If any of the list has a different transaction, or missing ones it can make results unreadable, something that can be fixed by smartly pairing them.

For example, having these transactions from base:

[
   "tx 1",
   "tx 2",
   "tx 3"
]

and these ones from native:

[
   "tx 1",
   "tx 3",
]

will result in:

[
    "Same",
    "Different": {
         "base": "tx 2",
         "native": "tx 3"
   }
    "Different": {
         "base": "tx 3",
         "native": "Empty"
   }
]

Which doesn't reflect that "tx 3" is present in both blocks. See example 2 for what would be the ideal output.

Solution

Let's use the sorting mechanism to make the outputs a little clearer.

If there is a transaction i both present in native and base, they both should be compared.

If there is a transaction j present in base but not in native and there is a transaction i that is present in both, such that i > j, then the comparison result of j (with Empty) should come before i. This same case applies for a transaction j in native and not in base.

If there is a transaction j present in base but not in native, and it does not exist any transaction i with i > j equal for both native and base. Then you should first compare all transactions >= j from base with Empty. After that, compare all remaining transactions from native with Empty.

Example 1

Base transactions:

[
   "tx 1",
   "tx 2",
   "tx 3"
]

Native transaction:

[
   "tx 1",
   "tx 2",
]

Comparison result:

[
    "Same",
    "Same",
    "Different": {
         "base": "tx 3",
         "native": "Empty"
   }
]

Example 2

Base transactions:

[
   "tx 1",
   "tx 2",
   "tx 3"
]

Native transaction:

[
   "tx 1",
   "tx 3",
]

Comparison result:

[
    "Same",
    "Different": {
         "base": "tx 2",
         "native": "Empty"
   }
    "Same",
]

Example 3

Base transactions:

[
   "tx 1",
   "tx 3",
 ]

Native transaction:

[
   "tx 1",
   "tx 2",
   "tx 3",
]

Comparison result:

[
    "Same",
    "Different": {
         "base": "Empty",
         "native": "tx 2"
   }
    "Same",
]

Example 4

Base transactions:

[
   "tx 1",
   "tx 2",
   "tx 3",
 ]

Native transaction:

[
   "tx 1",
   "tx 4",
   "tx 5",
]

Comparison result:

[
    "Same",
    "Different": {
         "base": "tx 2",
         "native": "Empty"
   }
   "Different": {
         "base": "tx 3",
         "native": "Empty"
   },
    "Different": {
         "base": "Empty",
         "native": "tx 4"
   },
   "Different": {
         "base": "Empty",
         "native": "tx 5"
   },
]
marcuspang commented 4 weeks ago

@rodrigo-pino Just to clarify, there is actually no sorting involved right? The comparison here is on indices to produce a list of comparison results of size union(base, native)

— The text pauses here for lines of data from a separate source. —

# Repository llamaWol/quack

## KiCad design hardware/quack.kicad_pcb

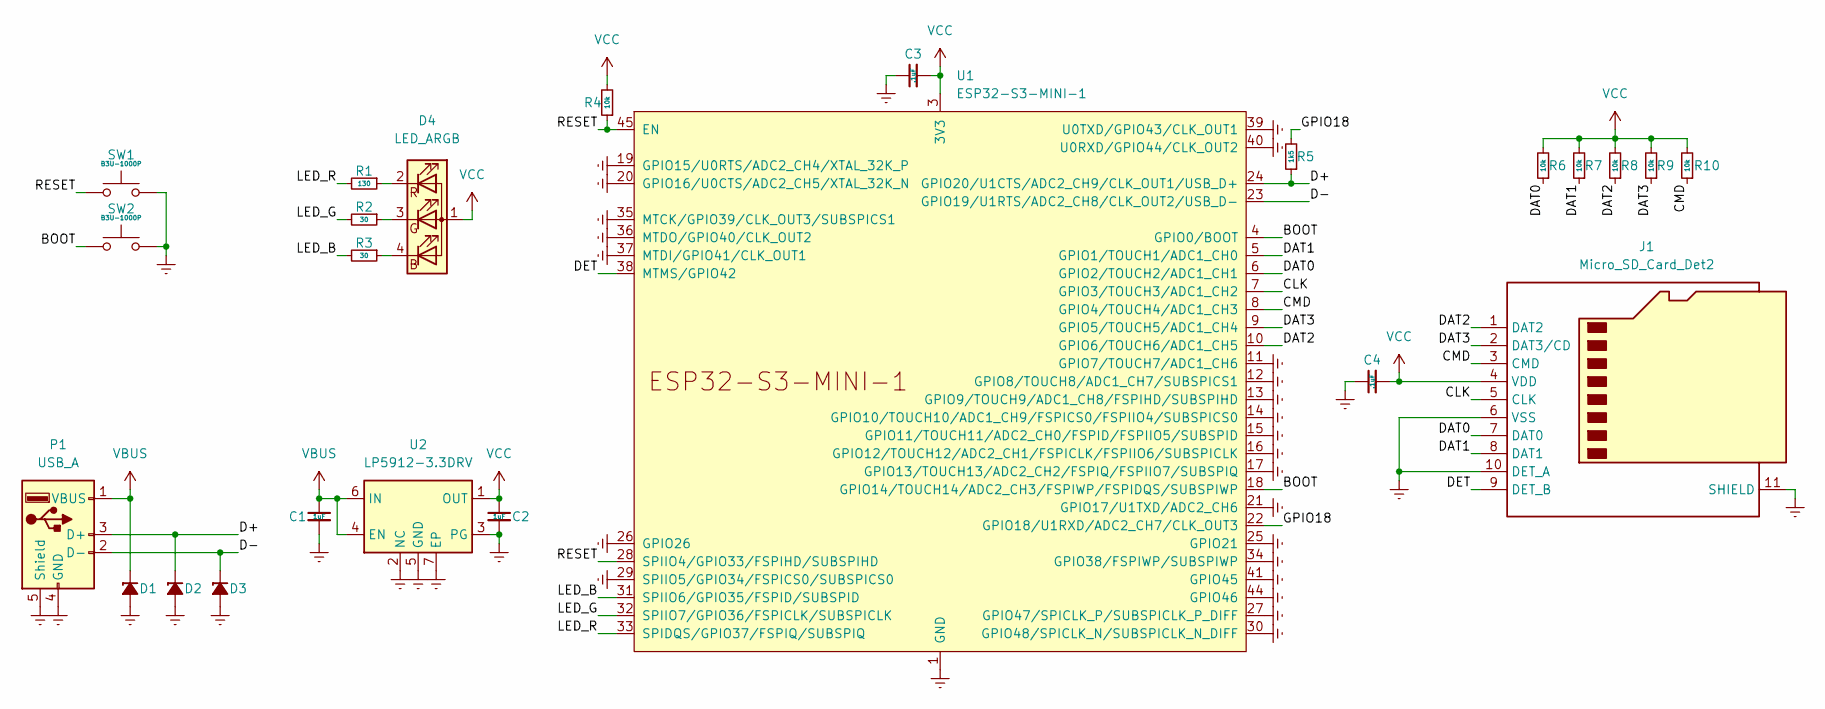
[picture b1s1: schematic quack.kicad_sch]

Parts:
C1, C2: 1uF; C_0402_1005Metric
C3, C4: .1uF; C_0402_1005Metric
D1, D2, D3: D_0402_1005Metric
D4: LED_ARGB; LED_Wurth_150044M155260
J1: Micro_SD_Card_Det2; microSD_HC_Molex_104031-0811
P1: USB_A; USB_A_Molex_48037-2200_Horizontal
R1: 130; R_0402_1005Metric
R2, R3: 30; R_0402_1005Metric
R4, R6, R7, R8, R9, R10: 10k; R_0402_1005Metric
R5: 1k5; R_0402_1005Metric
SW1, SW2: B3U-1000P; SW_SPST_B3U-1000P
U1: ESP32-S3-MINI-1
U2: LP5912-3.3DRV; WSON-6-1EP_2x2mm_P0.65mm_EP1x1.6mm_ThermalVias

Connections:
/BOOT: SW2.1, U1.4 (GPIO0/BOOT), U1.18 (GPIO14/TOUCH14/ADC2_CH3/FSPIWP/FSPIDQS/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)
/CLK: J1.5 (CLK), U1.7 (GPIO3/TOUCH3/ADC1_CH2)
/CMD: J1.3 (CMD), R10.1, U1.8 (GPIO4/TOUCH4/ADC1_CH3)
/D+: D2.1 (K), P1.3 (D+), R5.1, U1.24 (GPIO20/U1CTS/ADC2_CH9/CLK_OUT1/USB_D+)
/D-: D3.1 (K), P1.2 (D-), U1.23 (GPIO19/U1RTS/ADC2_CH8/CLK_OUT2/USB_D-)
/DAT0: J1.7 (DAT0), R6.1, U1.6 (GPIO2/TOUCH2/ADC1_CH1)
/DAT1: J1.8 (DAT1), R7.1, U1.5 (GPIO1/TOUCH1/ADC1_CH0)
/DAT2: J1.1 (DAT2), R8.1, U1.10 (GPIO6/TOUCH6/ADC1_CH5)
/DAT3: J1.2 (DAT3/CD), R9.1, U1.9 (GPIO5/TOUCH5/ADC1_CH4)
/DET: J1.9 (DET_B), U1.38 (MTMS/GPIO42)
/GPIO18: R5.2, U1.22 (GPIO18/U1RXD/ADC2_CH7/CLK_OUT3)
/LED_B: R3.2, U1.31 (SPIIO6/GPIO35/FSPID/SUBSPID)
/LED_G: R2.2, U1.32 (SPIIO7/GPIO36/FSPICLK/SUBSPICLK)
/LED_R: R1.2, U1.33 (SPIDQS/GPIO37/FSPIQ/SUBSPIQ)
/RESET: R4.1, SW1.1, U1.28 (SPIIO4/GPIO33/FSPIHD/SUBSPIHD), U1.45 (EN)
Earth: C1.2, C2.2, C3.1, C4.1, D1.2 (A), D2.2 (A), D3.2 (A), J1.6 (VSS), J1.10 (DET_A), J1.11 (SHIELD), P1.4 (GND), P1.5 (Shield), SW1.2, SW2.2, U1.1 (GND), U1.2 (GND), U1.11 (GPIO7/TOUCH7/ADC1_CH6), U1.12 (GPIO8/TOUCH8/ADC1_CH7/SUBSPICS1), U1.13 (GPIO9/TOUCH9/ADC1_CH8/FSPIHD/SUBSPIHD), U1.14 (GPIO10/TOUCH10/ADC1_CH9/FSPICS0/FSPIIO4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), U1.15 (GPIO11/TOUCH11/ADC2_CH0/FSPID/FSPIIO5/S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), U1.16 (GPIO12/TOUCH12/ADC2_CH1/FSPICLK/FSPIIO6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), U1.17 (GPIO13/TOUCH13/ADC2_CH2/FSPIQ/FSPIIO7/S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), U1.19 (GPIO15/U0RTS/ADC2_CH4/XTAL_32K_P), U1.20 (GPIO16/U0CTS/ADC2_CH5/XTAL_32K_N), U1.21 (GPIO17/U1TXD/ADC2_CH6), U1.25 (GPIO21), U1.26 (GPIO26), U1.27 (GPIO47/SPICLK_P/SUBSPICLK_P_DIFF), U1.29 (SPIIO5/GPIO34/FSPICS0/SUBSPICS0), U1.30 (GPIO48/SPICLK_N/SUBSPICLK_N_DIFF), U1.34 (GPIO38/FSPIWP/SUBSPIWP), U1.35 (MTCK/GPIO39/CLK_OUT3/SUBSPICS1), U1.36 (MTDO/GPIO40/CLK_OUT2), U1.37 (MTDI/GPIO41/CLK_OUT1), U1.39 (U0TXD/GPIO43/CLK_OUT1), U1.40 (U0RXD/GPIO44/CLK_OUT2), U1.41 (GPIO45), U1.42 (GND), U1.43 (GND), U1.44 (GPIO46), U1.46 (GND), U1.47 (GND), U1.48 (GND), U1.49 (GND), U1.50 (GND), U1.51 (GND), U1.52 (GND), U1.53 (GND), U1.54 (GND), U1.55 (GND), U1.56 (GND), U1.57 (GND), U1.58 (GND), U1.59 (GND), U1.60 (GND), U1.61 (GND), U1.62 (GND), U1.63 (GND), U1.64 (GND), U1.65 (GND), U2.2 (NC), U2.3 (PG), U2.5 (GND), U2.7 (EP)
unnamed: D4.4 (BK), R3.1
unnamed: D4.3 (GK), R2.1
unnamed: D4.2 (RK), R1.1
VBUS: C1.1, D1.1 (K), P1.1 (VBUS), U2.4 (EN), U2.6 (IN)
VCC: C2.1, C3.2, C4.2, D4.1 (A), J1.4 (VDD), R4.2, R6.2, R7.2, R8.2, R9.2, R10.2, U1.3 (3V3), U2.1 (OUT)

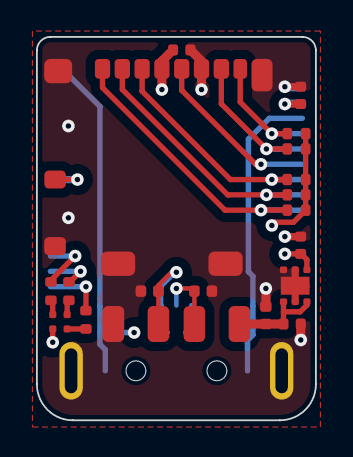
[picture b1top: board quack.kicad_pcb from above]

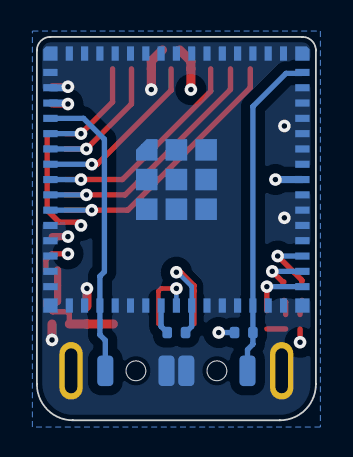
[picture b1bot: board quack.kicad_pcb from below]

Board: 4 copper layers, 15.5 x 21.3 mm, 24 parts (5 on the bottom side), 21 nets.

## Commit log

2024-03-27 Add pcb & schematic files

rodrigo-pino commented 4 weeks ago

@marcuspang no sorting involved. The transactions are already "sorted" in the sense that they are presented in order of execution. We take that assumption as true.

Also, please write some unit tests for these as well. Try to find an elegant and simple solution, there is no urgency for this task at the moment.